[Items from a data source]
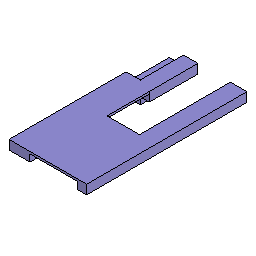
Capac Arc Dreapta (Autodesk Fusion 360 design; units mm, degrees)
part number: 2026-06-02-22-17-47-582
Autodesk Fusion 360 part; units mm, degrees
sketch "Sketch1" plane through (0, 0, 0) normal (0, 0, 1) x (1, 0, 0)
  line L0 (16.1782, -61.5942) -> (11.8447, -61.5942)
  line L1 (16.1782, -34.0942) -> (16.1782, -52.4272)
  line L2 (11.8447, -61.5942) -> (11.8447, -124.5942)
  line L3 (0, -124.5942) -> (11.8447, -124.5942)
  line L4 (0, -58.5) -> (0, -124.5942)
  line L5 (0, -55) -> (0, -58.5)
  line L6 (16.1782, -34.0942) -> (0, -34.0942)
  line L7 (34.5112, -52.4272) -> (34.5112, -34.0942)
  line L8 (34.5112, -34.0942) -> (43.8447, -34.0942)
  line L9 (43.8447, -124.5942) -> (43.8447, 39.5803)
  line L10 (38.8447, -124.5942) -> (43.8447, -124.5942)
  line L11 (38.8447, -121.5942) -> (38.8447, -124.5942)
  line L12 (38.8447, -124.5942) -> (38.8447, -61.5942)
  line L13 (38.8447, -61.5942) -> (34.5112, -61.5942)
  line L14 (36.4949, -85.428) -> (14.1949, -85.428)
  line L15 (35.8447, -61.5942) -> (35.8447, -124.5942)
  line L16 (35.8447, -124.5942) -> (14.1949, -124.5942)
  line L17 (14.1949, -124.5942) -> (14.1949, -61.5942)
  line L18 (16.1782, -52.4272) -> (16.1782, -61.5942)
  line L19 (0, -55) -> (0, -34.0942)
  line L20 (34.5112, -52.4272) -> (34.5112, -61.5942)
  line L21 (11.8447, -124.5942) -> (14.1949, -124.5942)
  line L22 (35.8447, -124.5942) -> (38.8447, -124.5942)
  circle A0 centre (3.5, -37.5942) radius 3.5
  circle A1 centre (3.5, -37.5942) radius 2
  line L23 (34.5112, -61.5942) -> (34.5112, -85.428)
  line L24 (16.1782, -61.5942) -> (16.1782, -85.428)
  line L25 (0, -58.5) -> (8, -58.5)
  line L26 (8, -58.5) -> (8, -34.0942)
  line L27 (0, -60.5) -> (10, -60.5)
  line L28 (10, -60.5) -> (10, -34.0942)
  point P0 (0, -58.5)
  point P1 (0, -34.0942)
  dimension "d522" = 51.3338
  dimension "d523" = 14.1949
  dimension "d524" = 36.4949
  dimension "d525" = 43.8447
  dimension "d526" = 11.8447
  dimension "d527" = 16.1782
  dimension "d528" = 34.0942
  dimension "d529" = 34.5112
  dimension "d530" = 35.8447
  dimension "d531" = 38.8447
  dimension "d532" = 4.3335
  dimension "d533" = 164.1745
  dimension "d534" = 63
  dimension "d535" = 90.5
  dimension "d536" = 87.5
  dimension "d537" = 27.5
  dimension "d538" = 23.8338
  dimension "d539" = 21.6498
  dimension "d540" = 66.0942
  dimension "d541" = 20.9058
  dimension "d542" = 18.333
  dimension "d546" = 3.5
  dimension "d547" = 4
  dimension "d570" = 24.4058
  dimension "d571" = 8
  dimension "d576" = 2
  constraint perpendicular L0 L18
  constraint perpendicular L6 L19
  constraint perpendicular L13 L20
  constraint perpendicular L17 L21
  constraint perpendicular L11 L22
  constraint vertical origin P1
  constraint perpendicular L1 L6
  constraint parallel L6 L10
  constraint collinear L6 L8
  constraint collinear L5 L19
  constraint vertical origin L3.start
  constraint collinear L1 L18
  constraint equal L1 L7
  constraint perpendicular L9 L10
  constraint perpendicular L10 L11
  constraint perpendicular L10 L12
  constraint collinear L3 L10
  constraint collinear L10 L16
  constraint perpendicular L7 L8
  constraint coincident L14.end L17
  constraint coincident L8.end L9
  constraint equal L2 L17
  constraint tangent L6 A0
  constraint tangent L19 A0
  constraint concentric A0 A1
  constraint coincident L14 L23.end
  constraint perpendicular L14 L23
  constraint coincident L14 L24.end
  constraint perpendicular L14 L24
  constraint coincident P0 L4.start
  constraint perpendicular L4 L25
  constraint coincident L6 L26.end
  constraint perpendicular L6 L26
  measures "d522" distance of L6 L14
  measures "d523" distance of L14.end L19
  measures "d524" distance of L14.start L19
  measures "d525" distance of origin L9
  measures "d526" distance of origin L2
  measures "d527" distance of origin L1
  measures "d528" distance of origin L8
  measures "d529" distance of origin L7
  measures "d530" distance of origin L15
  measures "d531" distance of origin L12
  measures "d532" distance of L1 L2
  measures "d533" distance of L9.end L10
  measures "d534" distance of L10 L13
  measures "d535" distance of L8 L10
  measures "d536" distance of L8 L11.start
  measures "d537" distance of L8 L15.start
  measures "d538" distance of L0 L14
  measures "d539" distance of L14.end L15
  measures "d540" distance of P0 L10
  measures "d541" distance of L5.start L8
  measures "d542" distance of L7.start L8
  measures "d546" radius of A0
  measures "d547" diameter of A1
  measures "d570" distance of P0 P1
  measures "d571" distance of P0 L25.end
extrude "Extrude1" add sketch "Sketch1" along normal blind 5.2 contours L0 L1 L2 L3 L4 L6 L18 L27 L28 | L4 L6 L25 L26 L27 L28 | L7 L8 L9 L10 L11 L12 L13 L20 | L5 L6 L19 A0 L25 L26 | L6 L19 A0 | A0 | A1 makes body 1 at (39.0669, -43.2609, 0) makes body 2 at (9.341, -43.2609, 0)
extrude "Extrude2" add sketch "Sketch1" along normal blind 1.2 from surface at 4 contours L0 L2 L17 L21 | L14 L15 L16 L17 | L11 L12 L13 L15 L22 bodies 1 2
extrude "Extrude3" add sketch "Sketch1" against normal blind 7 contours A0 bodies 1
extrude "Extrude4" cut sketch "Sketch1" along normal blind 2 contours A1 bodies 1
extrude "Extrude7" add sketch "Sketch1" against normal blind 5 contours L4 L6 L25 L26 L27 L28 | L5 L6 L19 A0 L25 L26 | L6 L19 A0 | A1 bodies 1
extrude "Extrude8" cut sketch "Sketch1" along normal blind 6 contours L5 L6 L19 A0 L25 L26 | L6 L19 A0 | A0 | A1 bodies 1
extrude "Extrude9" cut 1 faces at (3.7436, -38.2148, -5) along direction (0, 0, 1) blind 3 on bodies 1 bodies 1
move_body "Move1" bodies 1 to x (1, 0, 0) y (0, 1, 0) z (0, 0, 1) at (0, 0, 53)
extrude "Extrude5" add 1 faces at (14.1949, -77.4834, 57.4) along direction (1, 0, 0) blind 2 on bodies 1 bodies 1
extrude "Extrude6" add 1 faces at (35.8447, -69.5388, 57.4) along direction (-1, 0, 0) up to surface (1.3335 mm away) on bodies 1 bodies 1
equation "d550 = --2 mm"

= WHAT IS REQUIRED =
Copy exactly the stretch of data above from the line with "line L19 (0, -55) -> (0, -34.0942)" through the line with "constraint equal L1 L7", and omit all other lines.

= OUTPUT OF THE EXERCISE =
  line L19 (0, -55) -> (0, -34.0942)
  line L20 (34.5112, -52.4272) -> (34.5112, -61.5942)
  line L21 (11.8447, -124.5942) -> (14.1949, -124.5942)
  line L22 (35.8447, -124.5942) -> (38.8447, -124.5942)
  circle A0 centre (3.5, -37.5942) radius 3.5
  circle A1 centre (3.5, -37.5942) radius 2
  line L23 (34.5112, -61.5942) -> (34.5112, -85.428)
  line L24 (16.1782, -61.5942) -> (16.1782, -85.428)
  line L25 (0, -58.5) -> (8, -58.5)
  line L26 (8, -58.5) -> (8, -34.0942)
  line L27 (0, -60.5) -> (10, -60.5)
  line L28 (10, -60.5) -> (10, -34.0942)
  point P0 (0, -58.5)
  point P1 (0, -34.0942)
  dimension "d522" = 51.3338
  dimension "d523" = 14.1949
  dimension "d524" = 36.4949
  dimension "d525" = 43.8447
  dimension "d526" = 11.8447
  dimension "d527" = 16.1782
  dimension "d528" = 34.0942
  dimension "d529" = 34.5112
  dimension "d530" = 35.8447
  dimension "d531" = 38.8447
  dimension "d532" = 4.3335
  dimension "d533" = 164.1745
  dimension "d534" = 63
  dimension "d535" = 90.5
  dimension "d536" = 87.5
  dimension "d537" = 27.5
  dimension "d538" = 23.8338
  dimension "d539" = 21.6498
  dimension "d540" = 66.0942
  dimension "d541" = 20.9058
  dimension "d542" = 18.333
  dimension "d546" = 3.5
  dimension "d547" = 4
  dimension "d570" = 24.4058
  dimension "d571" = 8
  dimension "d576" = 2
  constraint perpendicular L0 L18
  constraint perpendicular L6 L19
  constraint perpendicular L13 L20
  constraint perpendicular L17 L21
  constraint perpendicular L11 L22
  constraint vertical origin P1
  constraint perpendicular L1 L6
  constraint parallel L6 L10
  constraint collinear L6 L8
  constraint collinear L5 L19
  constraint vertical origin L3.start
  constraint collinear L1 L18
  constraint equal L1 L7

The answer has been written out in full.